Designing Site and Regional Research

Regional research and development (R&D) programs are faced with a challenging mandate of balancing diverse tasks. Some of these challenges are illustrated by the need to:

  • Enable bottom-up learning while integrating research agendas and findings regionally,
  • Generate a flexible learning culture at all levels while maintaining rigour in research,
  • Develop a mentoring system in which mentors are also learning, and
  • Enable change at local, site and regional levels when each level believes its task is to bring about change at other levels.


Figure 1
AHI has made progress toward operationalizing a regional research agenda that is at once rigorous and flexible, bottom-up and regionally integrated. The first step in the generation of research questions involves site-level brainstorming with "gap facilitation." In AHI, interdisciplinary site teams work with members of a regional research team to develop approaches through participatory problem diagnosis and interdisciplinary analysis. Regional research team (RRT) members are chosen strategically to complement site team expertise (in this case, social science and systems agronomy). As RRT members travel to diverse sites, new ideas emerge which integrate site-specific realities and the creative thinking process of the other teams.
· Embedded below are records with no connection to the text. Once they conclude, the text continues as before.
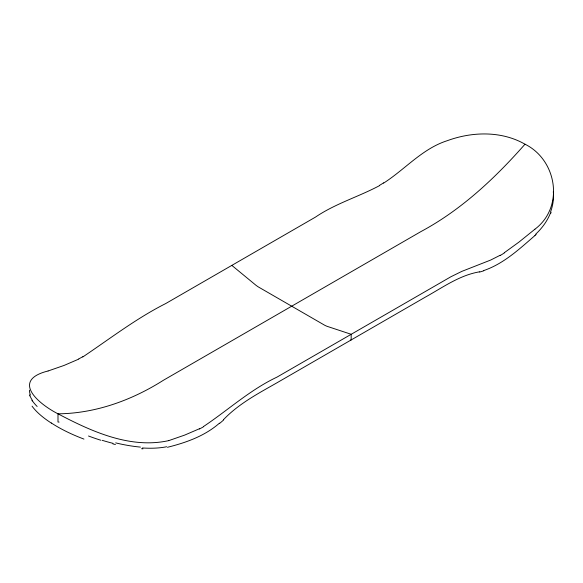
<?xml version="1.0" encoding="UTF-8"?>
<svg xmlns="http://www.w3.org/2000/svg" width="583" height="583" viewBox="0 0 583 583"><rect width="100%" height="100%" fill="white"/><g stroke="black" fill="none" stroke-linecap="round" stroke-linejoin="round"><path stroke-width="0.87" d="M551.117 212.241L550.665 213.451M534.954 229.177C564.519 206.943 556.998 160.019 525.006 144.198C495.018 178.238 461.24 209.975 420.999 231.546L163.349 380.298C131.933 400.215 95.466 413.5 57.994 413.821C38.697 404.012 10.392 380.4 48.046 370.992M536.156 234.424L534.954 235.539M223.413 419.767C238.549 403.808 258.116 393.554 276.976 382.783L425.364 297.111C442.818 287.448 459.572 275.161 479.7 271.802M534.932 235.554C519.336 249.065 503.712 263.727 483.803 270.541M534.932 229.192L518.957 242.098L504.244 252.76M219.456 423.163C204.706 436.048 186.217 442.606 167.445 447.299M383.607 183.106C405.149 169.34 422.347 148.599 447.372 140.656C472.23 131.547 501.518 130.774 525.006 144.198M203.423 426.588C228.011 410.177 249.976 389.889 276.976 377.121L450.994 276.706L461.874 271.365L490.682 260.054L500.199 255.245M82.801 356.949C110.107 338.614 136.218 318.442 165.732 303.546L315.469 217.109C335.334 203.591 358.552 196.828 379.577 185.605M199.393 428.76L184.68 435.093L168.771 440.617M78.756 359.113L64.043 365.446L48.149 370.963M168.735 440.624C130.169 449.121 91.465 431.442 57.994 413.821L57.994 422.026L59.094 422.092M350.711 339.918L351.17 339.947L351.17 334.285L326.946 326.276A57.936 33.45 60 0 1 324.818 325.314L258.182 286.843A57.936 33.45 60 0 1 256.054 285.342L231.83 265.389M142.981 448.83L141.509 448.728M115.456 444.53L112.905 443.903M32.247 400.9L31.919 400.39M29.748 395.886L29.471 394.88M51.362 423.098A96.771 36.838 13.2 0 1 32.05 406.154M83.952 439.094A96.771 36.736 13.1 0 1 51.34 423.003M82.815 356.679A95.889 53.111 -57.7 0 1 78.778 358.858M37.144 406.475A88.077 30.724 14.4 0 1 32.466 400.929M32.451 400.448A81.569 28.705 14 0 1 30.09 395.944M30.418 395.004A73.05 26.118 12.5 0 1 29.5 390.144M203.431 426.822A95.889 57.513 -62.4 0 1 199.393 428.993M100.903 440.267A88.077 31.154 14.8 0 1 88.492 435.989M113.015 443.35A81.569 29.449 14.7 0 1 102.273 440.34M140.445 447.103A73.05 28.057 14.7 0 1 115.674 442.883M166.672 446.746A69.384 29.988 15.6 0 1 142.427 447.963M223.493 420.081A91.006 52.113 -61.2 0 1 219.514 423.484M383.599 182.836A95.889 52.71 -58.1 0 1 379.584 185.336M504.266 253A95.889 57.914 -62 0 1 500.207 255.485M553.296 191.654A73.05 54.088 -17.5 0 1 550.476 212.183M550.316 213.4A69.384 52.164 -13 0 1 535.719 234.162M483.766 270.796A91.006 53.811 -59.6 0 1 479.656 272.035"/></g></svg>
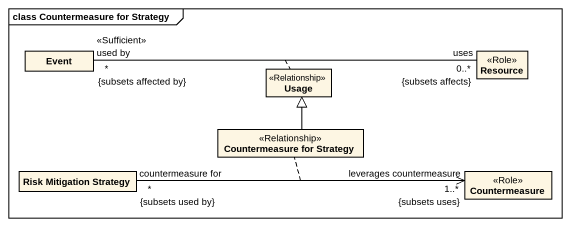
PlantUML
@startuml
mainframe class Countermeasure for Strategy
hide circle
hide empty members
class Event
class Resource <<Role>>
class Usage <<Relationship>>
class "Countermeasure for Strategy" as Countermeasure_for_Strategy <<Relationship>>
class "Risk Mitigation Strategy" as Risk_Mitigation_Strategy
class Countermeasure <<Role>>
Event "used by\n<<Sufficient>>\n*\n{subsets affected by}" -right- "uses\n0..*\n{subsets affects}" Resource
(Event, Resource) .. Usage
Countermeasure_for_Strategy -up-|> Usage
Risk_Mitigation_Strategy "countermeasure for\n*\n{subsets used by}" -right-> "leverages countermeasure\n1..*\n{subsets uses}" Countermeasure
(Risk_Mitigation_Strategy, Countermeasure) .. Countermeasure_for_Strategy
@enduml

After one iteration, a regional synthesis of experiences (research questions, methods, insights) by the RRT is carried out and brought back to site level in oral or written form. Carrying out and feeding back the regional synthesis to the sites enables cross-fertilization between sites and peer review. The new ideas brought to site level are then scrutinized (selected or rejected), and then field-tested. Once they pass the scrutiny of field-based testing, they are fully implemented at site level. Synthesis of final research questions across all sites leads to the generation of a regional research framework, which may include a synthesis of approaches (facilitation, diagnosis, etc.) or findings from empirical research conducted. This process is depicted in Figure 1.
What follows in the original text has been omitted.